Skye put a hand on Ashlyn’s shoulder, turning her
towards him as he fixed the shorter man with a stare. “Would you care to repeat
that, sir?”
The Toryn man said nothing as he glared at the
swordsman. Restlyn cut in between them, one hand clutching her kimono shut, and
held out the
shift
stane. “I want it
destroyed,” she said. “It’s the last one. I want it gone- I want this magic
erased forever.”
Skye took it from her, and stepped off the platform.
He motioned to the Toryn people to step back.
Ashlyn picked up several pieces of the sliced obi
from the ground and approached Restlyn. “Here,” she said, knotting two pieces
together. “It won’t look great, but at least I can help you keep your kimono
shut.”
She kept her head down, silently swallowing her sobs
and remaining firmly focused on the sash as Skye struck the stane with the hilt
of his sword, crushing the gem with the force of his blow.
Chapter
Nine
Return
to Me
The early evening air was fresh and crisp, the chill
turning Ashlyn’s cheeks pink as she trudged up the hill towards Cosmea. Suki
followed placidly behind her, pausing occasionally to lip up a rare bit of
sparse yellowed grass from the otherwise barren landscape.
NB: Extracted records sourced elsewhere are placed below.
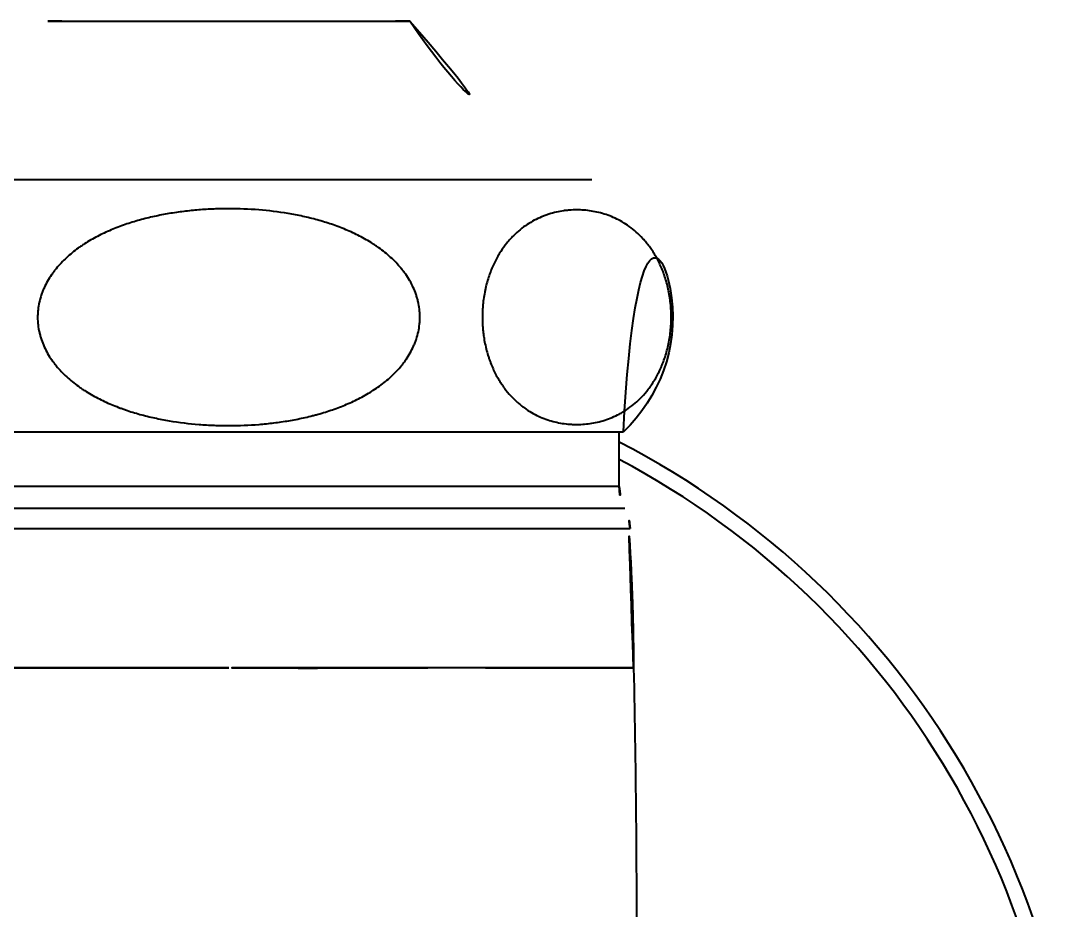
# Model space of a CAD drawing. Extents: x 16296677672 to 16296678106, y -37409616503 to -37409616185.
# Drawn here: x 16296677780.82 to 16296677814.7, y -37409616377.86 to -37409616349.19 of the extents above; entities that cross this region are included whole.
import ezdxf

# ---------------------------------------------------------------- set-up
doc = ezdxf.new("R2010")
doc.units = 0
doc.header["$LTSCALE"] = 10
doc.header["$MEASUREMENT"] = 0
doc.header["$PDMODE"] = 3
doc.header["$PDSIZE"] = -10
doc.layers.get('0').update_dxf_attribs({"linetype": 'CONTINUOUS'})
doc.layers.get('DEFPOINTS').update_dxf_attribs({"linetype": 'CONTINUOUS'})
doc.layers.add('DWG', color=7, linetype='CONTINUOUS')
doc.styles.add('Daelim Dimension', font='')
doc.styles.get('Daelim Dimension').set_extended_font_data('나눔고딕')
doc.dimstyles.new('DEFAULT', dxfattribs={"dimscale": 2, "dimtxt": 2, "dimasz": 2, "dimexe": 0, "dimexo": 2, "dimgap": 1, "dimtad": 1, "dimdec": 1, "dimzin": 9, "dimdsep": 46, "dimtxsty": 'Daelim Dimension', "dimcen": 0.5, "dimclrd": 252, "dimclre": 252, "dimclrt": 3, "dimadec": 1, "dimazin": 0, "dimtfac": 1, "dimtdec": 1, "dimtix": 1, "dimtmove": 0, "dimatfit": 3, "dimfxl": 1, "dimtolj": 1, "dimtzin": 1, "dimlwd": 9, "dimlwe": 9, "dimarcsym": 0})

# ---------------------------------------------------------------- blocks, each defined once
blk = doc.blocks.new('*D92')
at = {"color": 5, "lineweight": 9, "ltscale": 0.5, "transparency": 16777216}
for p, q in [((16296677826.205391, -37409616336.265823), (16296677851.151831, -37409616336.265823)), ((16296677851.151831, -37409616383.218193), (16296677851.151831, -37409616340.265823)), ((16296677791.52178, -37409616387.218193), (16296677851.151831, -37409616387.218193))]:
    blk.add_line(p, q, dxfattribs=at)
at = {"color": 5, "ltscale": 0.5, "transparency": 16777216}
for points in [[(16296677850.485161, -37409616340.265823), (16296677851.818501, -37409616340.265823), (16296677851.151831, -37409616336.265823)], [(16296677850.485161, -37409616383.218193), (16296677851.818501, -37409616383.218193), (16296677851.151831, -37409616387.218193)]]:
    blk.add_solid(points, dxfattribs=at)
at = {"layer": 'DEFPOINTS', "color": 0, "ltscale": 0.5, "transparency": 16777216}
for p in [(16296677822.205391, -37409616336.265823), (16296677851.151831, -37409616336.265823), (16296677787.52178, -37409616387.218193)]:
    blk.add_point(p, dxfattribs=at)
at = {"color": 7, "ltscale": 0.5, "transparency": 16777216, "insert": (16296677845.885719, -37409616361.730659), "char_height": 6, "attachment_point": 5, "rotation": 90, "style": 'Daelim Dimension'}
blk.add_mtext('\\A1;60~67', dxfattribs=at)

msp = doc.modelspace()

# ---------------------------------------------------------------- linework, layer by layer
at = {"ltscale": 0.5}
for radius, start, end in [(27.5, 293.3110896, 62.7301596), (27, 295.2252335, 62.1818648)]:
    msp.add_arc((16296677787.52177, -37409616387.21817), radius, start, end, dxfattribs=at)
at = {"layer": 'DWG', "color": 0}
for p, q in [((16296677782.137039, -37409616349.193901), (16296677781.67985, -37409616349.196297)), ((16296677781.67985, -37409616349.196297), (16296677793.363689, -37409616349.196297)), ((16296677782.137039, -37409616349.193901), (16296677792.9065, -37409616349.193901)), ((16296677793.363689, -37409616349.196297), (16296677792.9065, -37409616349.193901)), ((16296677775.803749, -37409616354.307137), (16296677799.23979, -37409616354.307137)), ((16296677774.789499, -37409616362.440559), (16296677800.25404, -37409616362.440559)), ((16296677800.121771, -37409616364.208908), (16296677800.121771, -37409616362.440437)), ((16296677800.121771, -37409616364.208908), (16296677774.92177, -37409616364.208908)), ((16296677774.74803, -37409616364.909653), (16296677800.295509, -37409616364.909653)), ((16296677774.575159, -37409616365.559143), (16296677800.46838, -37409616365.559143))]:
    msp.add_line(p, q, dxfattribs=at)
for centre, radius, start, end in [((16296677769.76367, -37409616341.42926), 14.224, 295.127748, 326.9034671), ((16296677805.279869, -37409616341.42926), 14.224, 213.0965329, 244.872252), ((16296677796.768141, -37409616358.7453), 5.08, 313.3303187, 60.8862732), ((16296677801.621771, -37409616364.208908), 1.5, 180, 207.8503203), ((16296677798.969259, -37409616365.610397), 1.5, 1.9578583, 27.8503203)]:
    msp.add_arc(centre, radius, start, end, dxfattribs=at)
for points, knots in [([(16296677787.52177, -37409616355.248009), (16296677787.846161, -37409616355.248009), (16296677788.16835, -37409616355.260757), (16296677788.80829, -37409616355.312073), (16296677789.12604, -37409616355.350616), (16296677789.59893, -37409616355.43013), (16296677789.755939, -37409616355.460274), (16296677790.068569, -37409616355.528503), (16296677790.224211, -37409616355.566612), (16296677790.53393, -37409616355.651772), (16296677790.688021, -37409616355.698822), (16296677790.91783, -37409616355.77713), (16296677790.994209, -37409616355.804527), (16296677791.14649, -37409616355.862137), (16296677791.2225, -37409616355.892403), (16296677791.448139, -37409616355.987099), (16296677791.59577, -37409616356.05558), (16296677791.884609, -37409616356.204773), (16296677792.02582, -37409616356.285461), (16296677792.197599, -37409616356.39537), (16296677792.23172, -37409616356.417809), (16296677792.299459, -37409616356.463638), (16296677792.33304, -37409616356.487007), (16296677792.43252, -37409616356.558273), (16296677792.497299, -37409616356.607399), (16296677792.68672, -37409616356.76001), (16296677792.80645, -37409616356.868683), (16296677792.974461, -37409616357.0439), (16296677793.028521, -37409616357.104362), (16296677793.1064, -37409616357.198463), (16296677793.131821, -37409616357.230392), (16296677793.181511, -37409616357.295464), (16296677793.205839, -37409616357.328667), (16296677793.3234, -37409616357.49646), (16296677793.405251, -37409616357.636993), (16296677793.50729, -37409616357.858521), (16296677793.53783, -37409616357.934158), (16296677793.57795, -37409616358.050552), (16296677793.59038, -37409616358.089897), (16296677793.61298, -37409616358.168633), (16296677793.623199, -37409616358.20813), (16296677793.66885, -37409616358.406303), (16296677793.68807, -37409616358.566971), (16296677793.68951, -37409616358.770599), (16296677793.68866, -37409616358.811462), (16296677793.68564, -37409616358.872978), (16296677793.684349, -37409616358.893547), (16296677793.681179, -37409616358.934593), (16296677793.67182, -37409616359.03685), (16296677793.655479, -37409616359.137421), (16296677793.62084, -37409616359.296288), (16296677793.59927, -37409616359.374687), (16296677793.56078, -37409616359.490829), (16296677793.546921, -37409616359.529297), (16296677793.517179, -37409616359.605728), (16296677793.501261, -37409616359.643784), (16296677793.417419, -37409616359.831062), (16296677793.336599, -37409616359.972603), (16296677793.22098, -37409616360.140747), (16296677793.197121, -37409616360.173927), (16296677793.14798, -37409616360.239449), (16296677793.12266, -37409616360.271828), (16296677793.044901, -37409616360.36734), (16296677792.990931, -37409616360.428596), (16296677792.82329, -37409616360.605881), (16296677792.703939, -37409616360.715477), (16296677792.452579, -37409616360.920319), (16296677792.32053, -37409616361.015572), (16296677792.04546, -37409616361.193459), (16296677791.90461, -37409616361.274696), (16296677791.61747, -37409616361.424522), (16296677791.471161, -37409616361.493073), (16296677791.173861, -37409616361.619278), (16296677791.02286, -37409616361.676933), (16296677790.71674, -37409616361.782623), (16296677790.561609, -37409616361.830658), (16296677790.36536, -37409616361.885277), (16296677790.325991, -37409616361.895927), (16296677790.247271, -37409616361.916634), (16296677790.12911, -37409616361.946831), (16296677790.0107, -37409616361.974541), (16296677789.77356, -37409616362.026817), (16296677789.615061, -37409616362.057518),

The sun was just beginning to sink behind the
horizon, changing the sky into a stunning flurry of color, pinks and golds and
deep reds that perfectly matched the surrounding mountains. Sunset in Cosmea
was unmatched anywhere else in Kresmir. Ashlyn paused to admire the view,
absently taking off her thick winter gloves and stuffing them into her pockets.
She was cold, and her feet were tired, but it felt good to be traveling,
unhurried and with no particular destination in mind.